— WHAT IS BEING ASKED —
Look through the entries below. Report each line that has the word "import" in it.
* * * * *
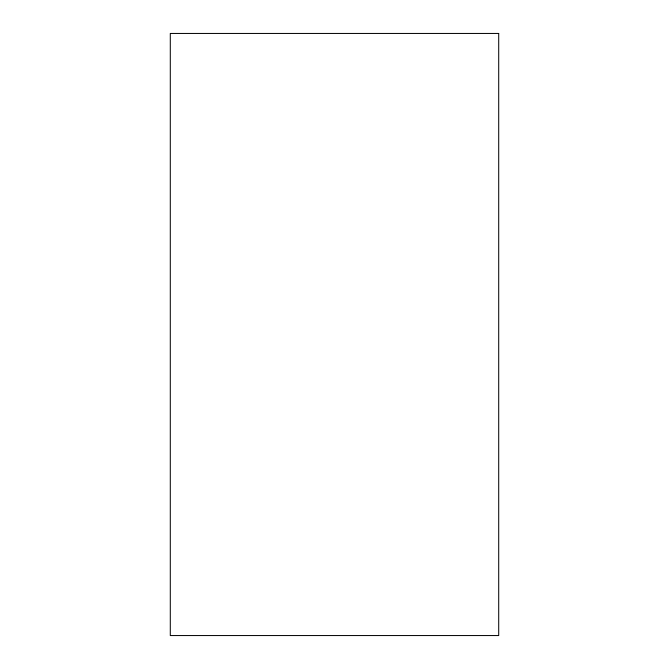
<?xml version="1.0" encoding="UTF-8"?>
<svg xmlns="http://www.w3.org/2000/svg" width="669" height="669" viewBox="0 0 669 669"><rect width="100%" height="100%" fill="white"/><g stroke="black" fill="none" stroke-linecap="round" stroke-linejoin="round"><path stroke-width="1" d="M498.706 33.45L170.294 33.45L170.294 635.55L498.706 635.55L498.706 33.45"/></g></svg>
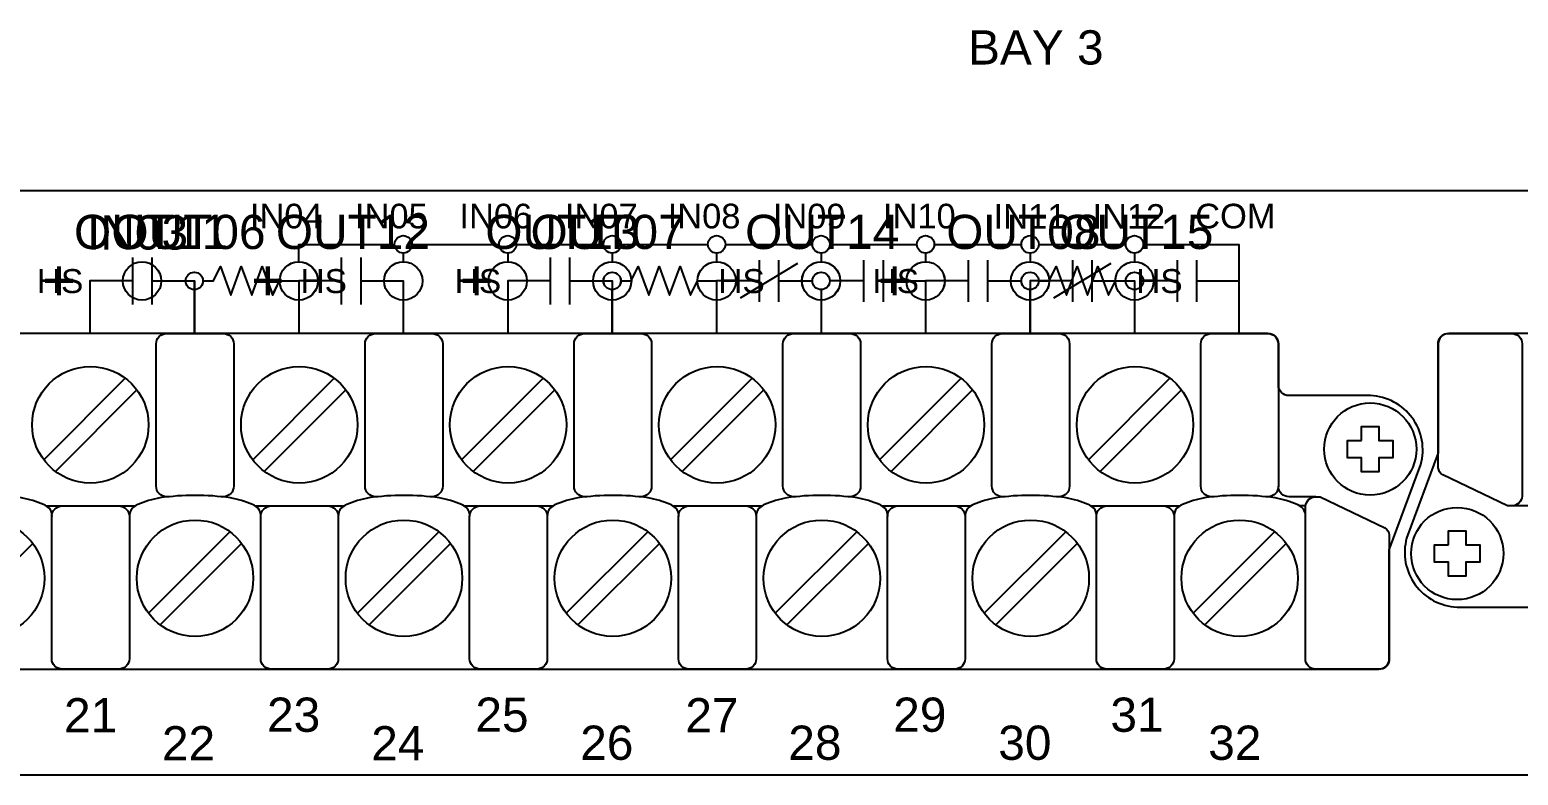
# Model space of a CAD drawing. Extents: x 1 to 47, y 1 to 34.6.
# Drawn here: x 34.401 to 38.675, y 12.606 to 14.748 of the extents above; entities that cross this region are included whole.
import ezdxf
from ezdxf.enums import TextEntityAlignment as Align

# ---------------------------------------------------------------- set-up
doc = ezdxf.new("R2010")
doc.units = 0
doc.header["$MEASUREMENT"] = 0
for name, color, linetype in [('10_0______DWG_', 7, 'CONTINUOUS'), ('7_1__2___8__OPTOISOLATED_I', 7, 'CONTINUOUS'), ('7_2__7___8__OPTOISOLATED_I', 7, 'CONTINUOUS'), ('7_3__C___18__COMMON____6__', 7, 'CONTINUOUS'), ('7_4__D___18__COMMON____6__', 7, 'CONTINUOUS'), ('7_5__E___8__OPTOISOLATED_I', 7, 'CONTINUOUS'), ('7_6__4___18__COMMON____6__', 7, 'CONTINUOUS'), ('7_7__8___8__OPTOISOLATED_I', 7, 'CONTINUOUS')]:
    doc.layers.add(name, color=color, linetype=linetype)
doc.styles.add('ARIAL', font='arial.ttf')

msp = doc.modelspace()

# ---------------------------------------------------------------- linework, layer by layer
at = {"layer": '10_0______DWG_'}
for points in [[(27.2942, 14.2863), (43.9545, 14.2863, -0.468367), (44.0044, 14.2263), (44.0044, 12.6563, -0.414132), (43.9545, 12.6063), (27.2942, 12.6063, -0.414214), (27.2442, 12.6563), (27.2442, 14.2363, -0.414287)], [(33.263, 13.0592), (33.263, 12.9412, 0.414213), (33.293, 12.9112), (38.2748, 12.9111, 0.414214), (38.3048, 12.9411), (38.3048, 13.2542), (38.3957, 13.4989, 0.480048), (38.2507, 13.6971), (38.0165, 13.6971, -0.414214), (37.9865, 13.7271), (37.9865, 13.8453, 0.414212), (37.9565, 13.8753), (37.9565, 13.8753), (32.9754, 13.8754, 0.414215), (32.9454, 13.8454), (32.9455, 13.5325), (32.8546, 13.2877, 0.47859), (32.9996, 13.0892), (33.233, 13.0892, -0.414214)], [(38.763, 13.0592), (38.763, 12.9412, 0.414213), (38.793, 12.9112), (43.7748, 12.9111, 0.414214), (43.8048, 12.9411), (43.8048, 13.2542), (43.8957, 13.4989, 0.480048), (43.7507, 13.6971), (43.5165, 13.6971, -0.414214), (43.4865, 13.7271), (43.4865, 13.8453, 0.414212), (43.4565, 13.8753), (43.4565, 13.8753), (38.4754, 13.8754, 0.414215), (38.4454, 13.8454), (38.4455, 13.5325), (38.3546, 13.2877, 0.47859), (38.4996, 13.0892), (38.733, 13.0892, -0.414214)], [(38.2781, 12.9113), (38.0938, 12.9111, -0.414214), (38.0638, 12.9411), (38.0638, 13.3782, -0.390527), (38.0938, 13.4065), (38.106, 13.4065), (38.2919, 13.3168, -0.241514), (38.3048, 13.2968), (38.3048, 12.9411, -0.422157)]]:
    msp.add_lwpolyline(points, format="xyb", close=True, dxfattribs=at)
for points in [[(34.8015, 13.4066), (34.7936, 13.4066, -0.414214), (34.7636, 13.4366), (34.7636, 13.8453, -0.414214), (34.7936, 13.8753), (34.9564, 13.8753, -0.414214), (34.9864, 13.8453), (34.9864, 13.4366, -0.414214), (34.9564, 13.4066), (34.9496, 13.4066)], [(35.4015, 13.4066), (35.3936, 13.4066, -0.414214), (35.3636, 13.4366), (35.3636, 13.8453, -0.414214), (35.3936, 13.8753), (35.5564, 13.8753, -0.414214), (35.5864, 13.8453), (35.5864, 13.4366, -0.414214), (35.5564, 13.4066), (35.5496, 13.4066)], [(36.0015, 13.4066), (35.9936, 13.4066, -0.414214), (35.9636, 13.4366), (35.9636, 13.8453, -0.414214), (35.9936, 13.8753), (36.1564, 13.8753, -0.414214), (36.1864, 13.8453), (36.1864, 13.4366, -0.414214), (36.1564, 13.4066), (36.1496, 13.4066)], [(36.6015, 13.4066), (36.5936, 13.4066, -0.414214), (36.5636, 13.4366), (36.5636, 13.8453, -0.414214), (36.5936, 13.8753), (36.7564, 13.8753, -0.414214), (36.7864, 13.8453), (36.7864, 13.4366, -0.414214), (36.7564, 13.4066), (36.7496, 13.4066)], [(37.2015, 13.4066), (37.1936, 13.4066, -0.414214), (37.1636, 13.4366), (37.1636, 13.8453, -0.414214), (37.1936, 13.8753), (37.3564, 13.8753, -0.414214), (37.3864, 13.8453), (37.3864, 13.4366, -0.414214), (37.3564, 13.4066), (37.3496, 13.4066)], [(37.8015, 13.4066), (37.7936, 13.4066, -0.414214), (37.7636, 13.4366), (37.7636, 13.8453, -0.414214), (37.7936, 13.8753), (37.9565, 13.8753, -0.414214), (37.9865, 13.8453), (37.9865, 13.4366, -0.414214), (37.9565, 13.4066), (37.9496, 13.4066)], [(39.0023, 13.3799), (38.6442, 13.3799), (38.4583, 13.4697, -0.241986), (38.4454, 13.4896), (38.4454, 13.8453, -0.422157), (38.4721, 13.8752), (38.6564, 13.8753, -0.414214), (38.6864, 13.8453), (38.6864, 13.4082, -0.390527), (38.6564, 13.3799)], [(38.0938, 13.4065), (38.0165, 13.4064, -0.414214), (37.9865, 13.4364)], [(34.4645, 13.3499, 0.191033), (34.456, 13.3738, 0.081668), (34.4403, 13.384, 0.0591), (34.3766, 13.4033, 0.034646), (34.2751, 13.4104, 0.03436), (34.1744, 13.4033, 0.0591), (34.1107, 13.384, 0.081668), (34.0951, 13.3738, 0.191033), (34.0866, 13.3499)], [(34.6566, 13.3799, -0.414214), (34.6866, 13.3499), (34.6866, 12.9412, -0.414214), (34.6566, 12.9112), (34.4937, 12.9112, -0.414214), (34.4637, 12.9412), (34.4637, 13.3499, -0.414214), (34.4937, 13.3799)], [(35.0645, 13.3499, 0.191033), (35.056, 13.3738, 0.081668), (35.0404, 13.384, 0.0591), (34.9766, 13.4033, 0.034646), (34.8751, 13.4104, 0.03436), (34.7744, 13.4033, 0.0591), (34.7107, 13.384, 0.081668), (34.6951, 13.3738, 0.191033), (34.6866, 13.3499)], [(35.2566, 13.3799, -0.414214), (35.2866, 13.3499), (35.2866, 12.9412, -0.414214), (35.2566, 12.9112), (35.0937, 12.9112, -0.414214), (35.0637, 12.9412), (35.0637, 13.3499, -0.414214), (35.0937, 13.3799)], [(35.6645, 13.3499, 0.191033), (35.656, 13.3738, 0.081668), (35.6404, 13.384, 0.0591), (35.5767, 13.4033, 0.034646), (35.4751, 13.4104, 0.03436), (35.3744, 13.4033, 0.0591), (35.3107, 13.384, 0.081668), (35.2951, 13.3738, 0.191033), (35.2866, 13.3499)], [(35.8566, 13.3799, -0.414214), (35.8866, 13.3499), (35.8866, 12.9412, -0.414214), (35.8566, 12.9112), (35.6937, 12.9112, -0.414214), (35.6637, 12.9412), (35.6637, 13.3499, -0.414214), (35.6937, 13.3799)], [(36.2645, 13.3499, 0.191033), (36.256, 13.3738, 0.081668), (36.2404, 13.384, 0.0591), (36.1767, 13.4033, 0.034646), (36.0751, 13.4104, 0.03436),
* * * * *
— EXERCISE OUTPUT —
import ezdxf
from ezdxf.enums import TextEntityAlignment as Align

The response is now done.